MUSICAL INSTRUMENTS

Instruments are time tested and worn tools we use to carve the world of vibration to form sound and music. They have a shapely beauty to them that I re-interpret to get perspective on the form we take for granted.

I might not have smashed as many guitars as Jimi Hendrix, but certainly more violins. Like Hendrix, the destruction is part of the art being created and is a performance within itself. I’ve often documented their demise, sometimes slow and methodical, sometimes more consciously violent, less controlled and performance art based, where the sound and visuals have an added level to the work. I reassemble what remains, attempting to orderly represent the instrument’s tension released during its sudden transformation.

In later musical instrument work, I’ve dropped the destruction of already irrepairable instruments and created sculpted instruments from new and recycled parts. A metal guitar made from Klimt’s Tree of Life, a clarinet from old bicycle parts, a Mexican bass guitar from antique farm equipment and lobster traps parts, a stringed medieval instrument from a rowboat oar.

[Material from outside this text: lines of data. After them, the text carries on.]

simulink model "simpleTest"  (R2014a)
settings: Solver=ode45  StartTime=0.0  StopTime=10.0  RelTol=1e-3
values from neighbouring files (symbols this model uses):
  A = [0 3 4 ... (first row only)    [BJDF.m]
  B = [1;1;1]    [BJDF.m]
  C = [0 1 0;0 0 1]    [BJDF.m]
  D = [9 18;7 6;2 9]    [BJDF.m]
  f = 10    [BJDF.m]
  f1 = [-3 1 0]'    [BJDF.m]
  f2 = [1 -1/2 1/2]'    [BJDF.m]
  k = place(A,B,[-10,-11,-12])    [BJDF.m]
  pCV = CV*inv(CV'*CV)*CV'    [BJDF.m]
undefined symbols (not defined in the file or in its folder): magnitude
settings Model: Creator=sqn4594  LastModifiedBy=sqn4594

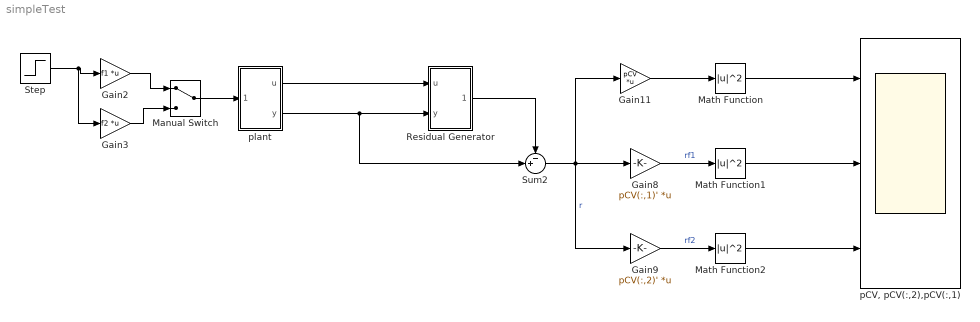
== system simpleTest ==
  Gain11 : Gain  Gain=pCV  Multiplication=Matrix(K*u)
  Gain2 : Gain  Gain=f1  Multiplication=Matrix(K*u)
  Gain3 : Gain  Gain=f2  Multiplication=Matrix(K*u)
  Gain8 : Gain  Gain=pCV(:,1)'  Multiplication=Matrix(K*u)
  Gain9 : Gain  Gain=pCV(:,2)'  Multiplication=Matrix(K*u)
  Manual Switch : ManualSwitch
  Math Function : Math  Operator=magnitude^2  SaturateOnIntegerOverflow=on
  Math Function1 : Math  Operator=magnitude^2  SaturateOnIntegerOverflow=on
  Math Function2 : Math  Operator=magnitude^2  SaturateOnIntegerOverflow=on
  Residual Generator : Subsystem
  Step : Step  Time=2  After=f  SampleTime=0
  Sum2 : Sum  Inputs=-+|
  "pCV, pCV(:,2),pCV(:,1)" : Scope  NumInputPorts=3
      settings: YMin=-5~-5~-5  YMax=5~5~5
  plant : Subsystem
  wires:
  Gain2/1 -> Manual Switch/1
  Gain3/1 -> Manual Switch/2
  Step/1 -> Gain3/1, Gain2/1
  Sum2/1 -> Gain11/1, Gain9/1, Gain8/1  "r"
  Gain8/1 -> Math Function1/1  "rf1"
  Gain9/1 -> Math Function2/1  "rf2"
  Math Function/1 -> "pCV, pCV(:,2),pCV(:,1)"/1
  Math Function1/1 -> "pCV, pCV(:,2),pCV(:,1)"/2
  Math Function2/1 -> "pCV, pCV(:,2),pCV(:,1)"/3
  Gain11/1 -> Math Function/1
  plant/2(y) -> Sum2/2, Residual Generator/2(y)
  Manual Switch/1 -> plant/1(f1/f2)
  plant/1(u) -> Residual Generator/1(u)
  Residual Generator/1(yHat) -> Sum2/1

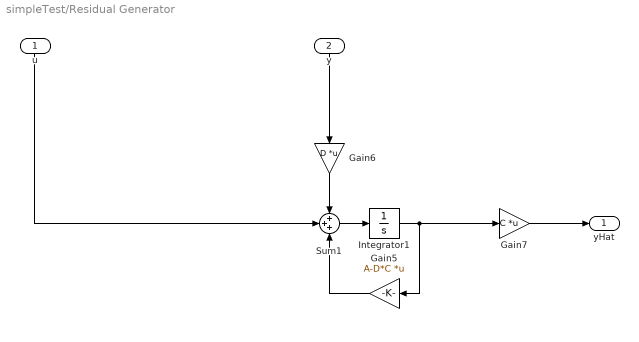
== system simpleTest/Residual Generator ==
  u : Inport
  y : Inport  Port=2
  Gain5 : Gain  Gain=A-D*C  Multiplication=Matrix(K*u)
  Gain6 : Gain  Gain=D  Multiplication=Matrix(K*u)
  Gain7 : Gain  Gain=C  Multiplication=Matrix(K*u)
  Integrator1 : Integrator
  Sum1 : Sum  Inputs=+++
  yHat : Outport
  wires:
  Gain6/1 -> Sum1/1
  Sum1/1 -> Integrator1/1
  Integrator1/1 -> Gain7/1, Gain5/1
  Gain5/1 -> Sum1/3
  Gain7/1 -> yHat/1
  u/1 -> Sum1/2
  y/1 -> Gain6/1

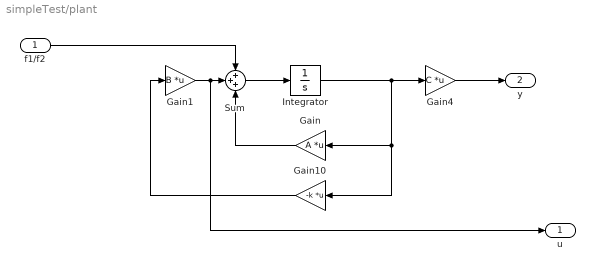
== system simpleTest/plant ==
  f1/f2 : Inport
  Gain : Gain  Gain=A  Multiplication=Matrix(K*u)
  Gain1 : Gain  Gain=B  Multiplication=Matrix(K*u)
  Gain10 : Gain  Gain=-k  Multiplication=Matrix(K*u)
  Gain4 : Gain  Gain=C  Multiplication=Matrix(K*u)
  Integrator : Integrator
  Sum : Sum  Inputs=+++
  u : Outport
  y : Outport  Port=2
  wires:
  Sum/1 -> Integrator/1
  Gain/1 -> Sum/3
  Gain1/1 -> u/1, Sum/2
  f1/f2/1 -> Sum/1
  Gain4/1 -> y/1
  Integrator/1 -> Gain4/1, Gain10/1, Gain/1
  Gain10/1 -> Gain1/1

When asked if the instruments are functional, if the sculptures make sound or can be played, Savage responds, “The goal is not to surpass their sound quality, but to visually get us out of the mind-accepted box. Some do make a un-tuned sound as they have my version of strings. When the instrument body’s form has been released in it’s destruction, when vibration ceases, and silence moves in, I realize just how much tension is built into an instrument.”